Dataset records:
[Start of Attachment]

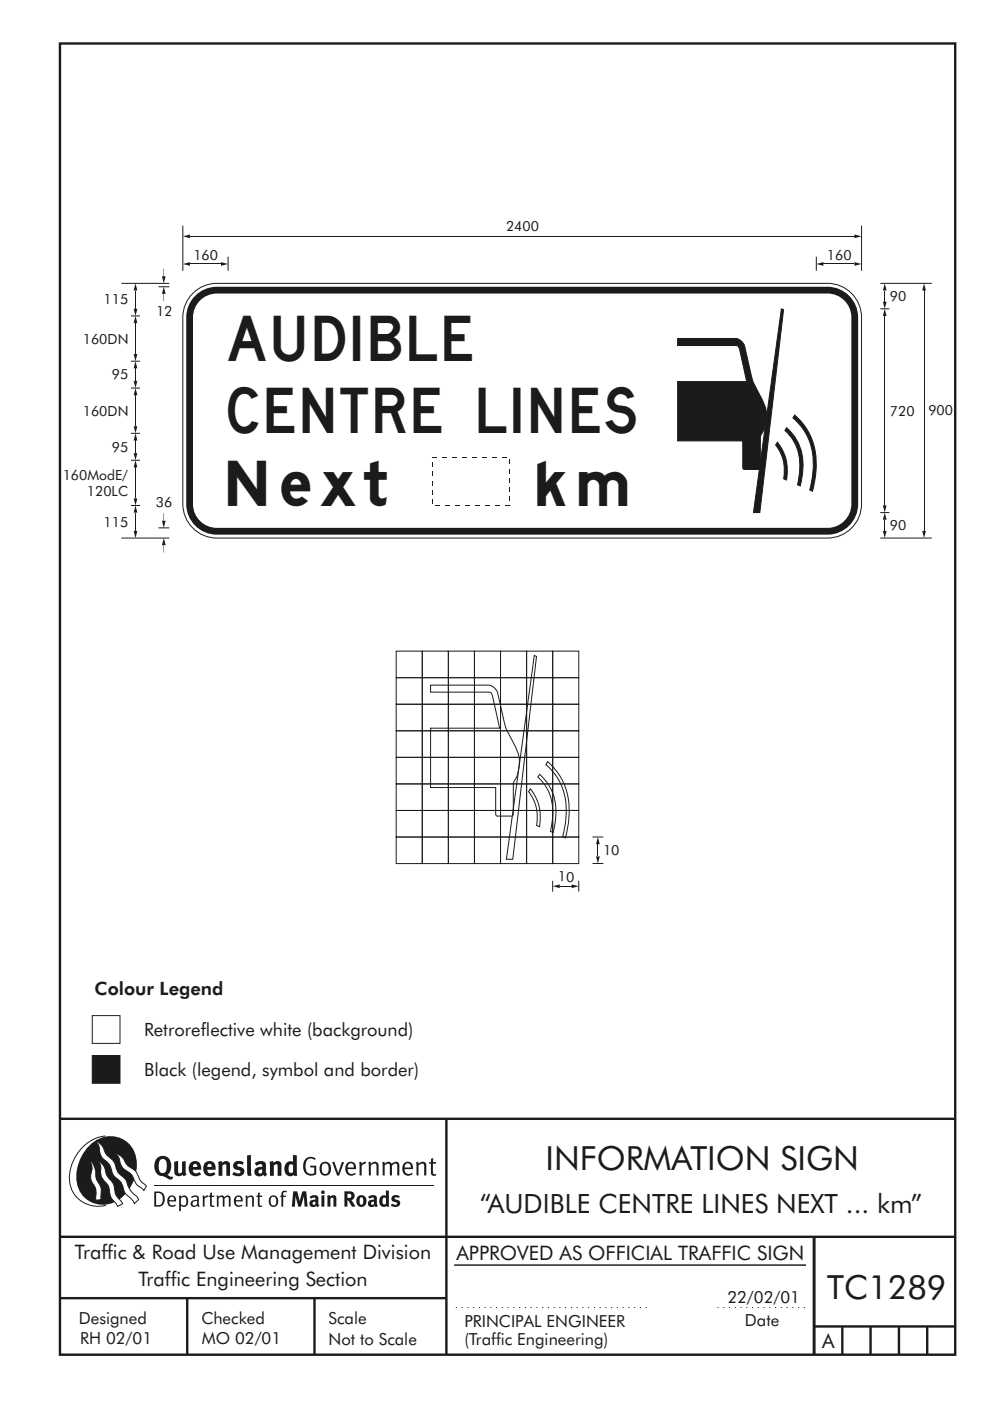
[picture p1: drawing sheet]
<svg xmlns="http://www.w3.org/2000/svg" width="210mm" height="297mm" viewBox="0 0 210 297" stroke-linecap="round" stroke-linejoin="round" font-family="sans-serif">
<g fill="none" stroke="#1f1a17" stroke-width=".51">
<path d="M12.7 9.2h190v278h-190zM12.7 237.2h190M94.7 237.1v50.1M12.7 262.2h190.1M12.7 275.2h82M39.7 275.2v12M66.7 275.2v12M172.7 262.2v25M172.7 281.2h30M178.7 281.2v6M184.7 281.2v6M190.7 281.2v6"/>
<path d="M196.7 281.2v6"/>
</g>
<path d="M96.4 268.2h74.6" fill="none" stroke="#1f1a17" stroke-width=".21"/>
<path d="M96.7 277.2h40.9" fill="none" stroke="#1f1a17" stroke-width=".21" stroke-dasharray=".2 1" stroke-linecap="butt"/>
<g fill="#1f1a17">
<path d="M64.9 245.6a1.61 1.61 0 0 1 2.1 .1l-.2 .2a1.17 1.17 0 0 0-1.4-.1 1.17 1.17 0 0 0-.6 1.2 1.42 1.42 0 0 0 1.2 1.9l.7-.2v-1.2h-.8l-.1-.4h1.3v1.9a1.82 1.82 0 0 1-2.2-.1 1.82 1.82 0 0 1-.6-2.1l.2-.7z" fill-rule="evenodd"/>
<path d="M68.2 246.6a1.77 1.77 0 0 0 .4 2.6 1.39 1.39 0 0 0 1.4-.5 1.39 1.39 0 0 0 .2-1.5 1.19 1.19 0 0 0-2-.6zM68.5 246.8a.83 .83 0 0 1 1 .1 .83 .83 0 0 1 .2 1 .75 .75 0 0 1-.6 1 .75 .75 0 0 1-.8-.8v-.9z" fill-rule="evenodd"/>
<path d="M70.5 246.4l.4-.1 .8 2.4 .8-2.3h.5l-1.1 2.8h-.4z" fill-rule="evenodd"/>
<path d="M73.6 246.7a1.74 1.74 0 0 0 .5 2.5h.9l.5-.3-.2-.3a.89 .89 0 0 1-1.1 .2 .89 .89 0 0 1-.4-.9h1.7a1.15 1.15 0 0 0-.4-1.4 1.15 1.15 0 0 0-1.5 .2zM74 246.9a.67 .67 0 0 1 .8-.1 .67 .67 0 0 1 .3 .7h-1.3z" fill-rule="evenodd"/>
<path d="M76.2 246.4l.4-.1 .1 .5 .5-.4 .5-.1-.2 .5a.61 .61 0 0 0-.8 .6v1.8h-.4z" fill-rule="evenodd"/>
<path d="M78.1 246.4l.5-.1 .1 .5a.89 .89 0 0 1 .9-.5 .89 .89 0 0 1 .7 .8v2.1h-.4v-2.1l-.1-.3-.3-.1-.8 .4v2.1h-.4z" fill-rule="evenodd"/>
<path d="M81.1 246.4l.4-.1 .1 .4a.83 .83 0 0 1 .8-.4 .83 .83 0 0 1 .7 .5 .86 .86 0 0 1 .9-.5 .86 .86 0 0 1 .7 .8v2.1h-.4l-.1-2.3a.5 .5 0 0 0-.8 0l-.2 .2v2.1h-.5v-2.2l-.4-.3-.7 .4v2.1h-.4z" fill-rule="evenodd"/>
<path d="M85.7 246.7a1.74 1.74 0 0 0 .5 2.5h.9l.5-.3-.2-.3a.89 .89 0 0 1-1.1 .2 .89 .89 0 0 1-.4-.9h1.7a1.15 1.15 0 0 0-.5-1.4 1.15 1.15 0 0 0-1.4 .2zM86 246.9a.67 .67 0 0 1 .9-.1 .67 .67 0 0 1 .3 .7h-1.3z" fill-rule="evenodd"/>
<path d="M88.3 246.4l.4-.1 .1 .5a.89 .89 0 0 1 .9-.5 .89 .89 0 0 1 .7 .8v2.1h-.4v-2.1l-.1-.3-.3-.1-.8 .4v2.1h-.4z" fill-rule="evenodd"/>
<path d="M91.5 245.7l.4-.2v.9h.7l-.2 .3h-.5v2.1l.1 .1h.5l.1 .3a.71 .71 0 0 1-1.2-.5v-2h-.3v-.3h.3z" fill-rule="evenodd"/>
<path d="M37 246.3l.8-.2v2a.46 .46 0 0 0 .2 .7 .46 .46 0 0 0 .6-.3v-2.2l.8-.1v2.3l.2 .6-.6 .3-.2-.3a1.03 1.03 0 0 1-1.2 .2 1.03 1.03 0 0 1-.6-1z" fill-rule="evenodd"/>
<path d="M40.4 246.6a1.64 1.64 0 0 0 0 2.3 1.64 1.64 0 0 0 2.3 .1l-.4-.5a.78 .78 0 0 1-.9 .3 .78 .78 0 0 1-.5-.8h1.8a1.37 1.37 0 0 0-.6-1.6 1.37 1.37 0 0 0-1.7 .2zM41 246.9a.48 .48 0 0 1 .7-.1 .48 .48 0 0 1 .2 .6h-1z" fill-rule="evenodd"/>
<path d="M43.5 246.6a1.65 1.65 0 0 0-.2 2 1.65 1.65 0 0 0 1.9 .7l.5-.3-.3-.5a.78 .78 0 0 1-.9 .3 .78 .78 0 0 1-.5-.8h1.8a1.37 1.37 0 0 0-.6-1.6 1.37 1.37 0 0 0-1.7 .2zM44.1 246.9a.48 .48 0 0 1 .6-.1 .48 .48 0 0 1 .2 .6h-.9z" fill-rule="evenodd"/>
<path d="M46.3 246.4l.7-.3 .1 .4a.95 .95 0 0 1 1-.3 .95 .95 0 0 1 .7 .9v2.2h-.8v-2.3l-.3-.2-.5 .3v2.2h-.8z" fill-rule="evenodd"/>
<path d="M49.7 246.5a1.73 1.73 0 0 1 2-.1l-.2 .6-.6-.2a.42 .42 0 0 0-.6 .3l.2 .2a1.23 1.23 0 0 1 1.4 1 1.47 1.47 0 0 1-2.3 .9l-.3-.1 .3-.6 .7 .3a.47 .47 0 0 0 .7-.3 .87 .87 0 0 0-1-.6l-.4-.2-.1-.4z" fill-rule="evenodd"/>
<path d="M54.1 246.6l.3 .6 .3-.2a.62 .62 0 0 1 .9 0v.4a1.21 1.21 0 0 0-1.3 .3 1.21 1.21 0 0 0-.2 1.4 1.19 1.19 0 0 0 1.7 0l.5 .3 .4-.4-.3-.4v-1.3a.96 .96 0 0 0-1.3-1.1zM55 248.1l.6-.1v.6a.43 .43 0 0 1-.6 .1 .43 .43 0 0 1 0-.6z" fill-rule="evenodd"/>
<path d="M57.2 246.4l.7-.3 .1 .4a.95 .95 0 0 1 1-.3 .95 .95 0 0 1 .7 .9v2.2h-.8v-2.3l-.3-.2-.5 .3v2.2h-.8z" fill-rule="evenodd"/>
<path d="M62.2 244.8v1.6a1.29 1.29 0 0 0-1.4 .1 1.29 1.29 0 0 0-.5 1.3 1.24 1.24 0 0 0 .5 1.4 1.24 1.24 0 0 0 1.5-.1l.1 .2h.7l-.1-4.3zM61.5 246.9h.4l.3 .1v1.5l-.3 .2a.48 .48 0 0 1-.6-.5 1.52 1.52 0 0 1 .2-1.3z" fill-rule="evenodd"/>
<path d="M52.4 245l.8-.2 .2 4.5h-.8l-.1-.2z" fill-rule="evenodd"/>
</g>
<path d="M22.4 240.9a9 9 0 0 0-7.4 10.8 6.2 6.2 0 0 0 7.5 3.9M32.7 251.4h59.4" fill="none" stroke="#1f1a17" stroke-width=".21"/>
<path d="M19.1 242.7a5.7 5.7 0 0 1 6.5-1.4 5.7 5.7 0 0 1 3.4 5.7 8.6 8.6 0 0 1-6.2 8.4 5.7 5.7 0 0 1-6.5-7.1 9.9 9.9 0 0 1 2.8-5.6z" fill-rule="evenodd" fill="#1f1a17"/>
<path d="M24.4 244.6a3.1 3.1 0 0 1 2.3 2.1l.8 .8a3.2 3.2 0 0 1 2 2.3l.4 .7 1.2 1-.6 .9-.2-.3a3.5 3.5 0 0 1-1.9-2 3.8 3.8 0 0 0-2.1-2.2 3.5 3.5 0 0 1-1-2.3zM20.4 242a3.4 3.4 0 0 1 1.9 2.4l.7 .9a3.3 3.3 0 0 1 1.7 2.5 4.4 4.4 0 0 0 1.7 2l.3 .3a6.1 6.1 0 0 0 2.5 3.7l.2 .5-.9 .9a6.1 6.1 0 0 0-1.9-2.2l-.4-.7a3.6 3.6 0 0 0-1.9-2.8l-.6-1.1a3.6 3.6 0 0 0-1.9-2.8 3.7 3.7 0 0 1-.8-2.4zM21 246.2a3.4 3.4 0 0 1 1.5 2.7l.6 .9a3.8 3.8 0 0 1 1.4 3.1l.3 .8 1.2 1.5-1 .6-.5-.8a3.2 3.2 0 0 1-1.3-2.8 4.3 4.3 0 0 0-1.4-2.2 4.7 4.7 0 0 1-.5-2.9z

[End of Attachment]

- **What the task requires**
Calculate the number of lines above that include the word "width", giving that number by itself.

- **Response box**
5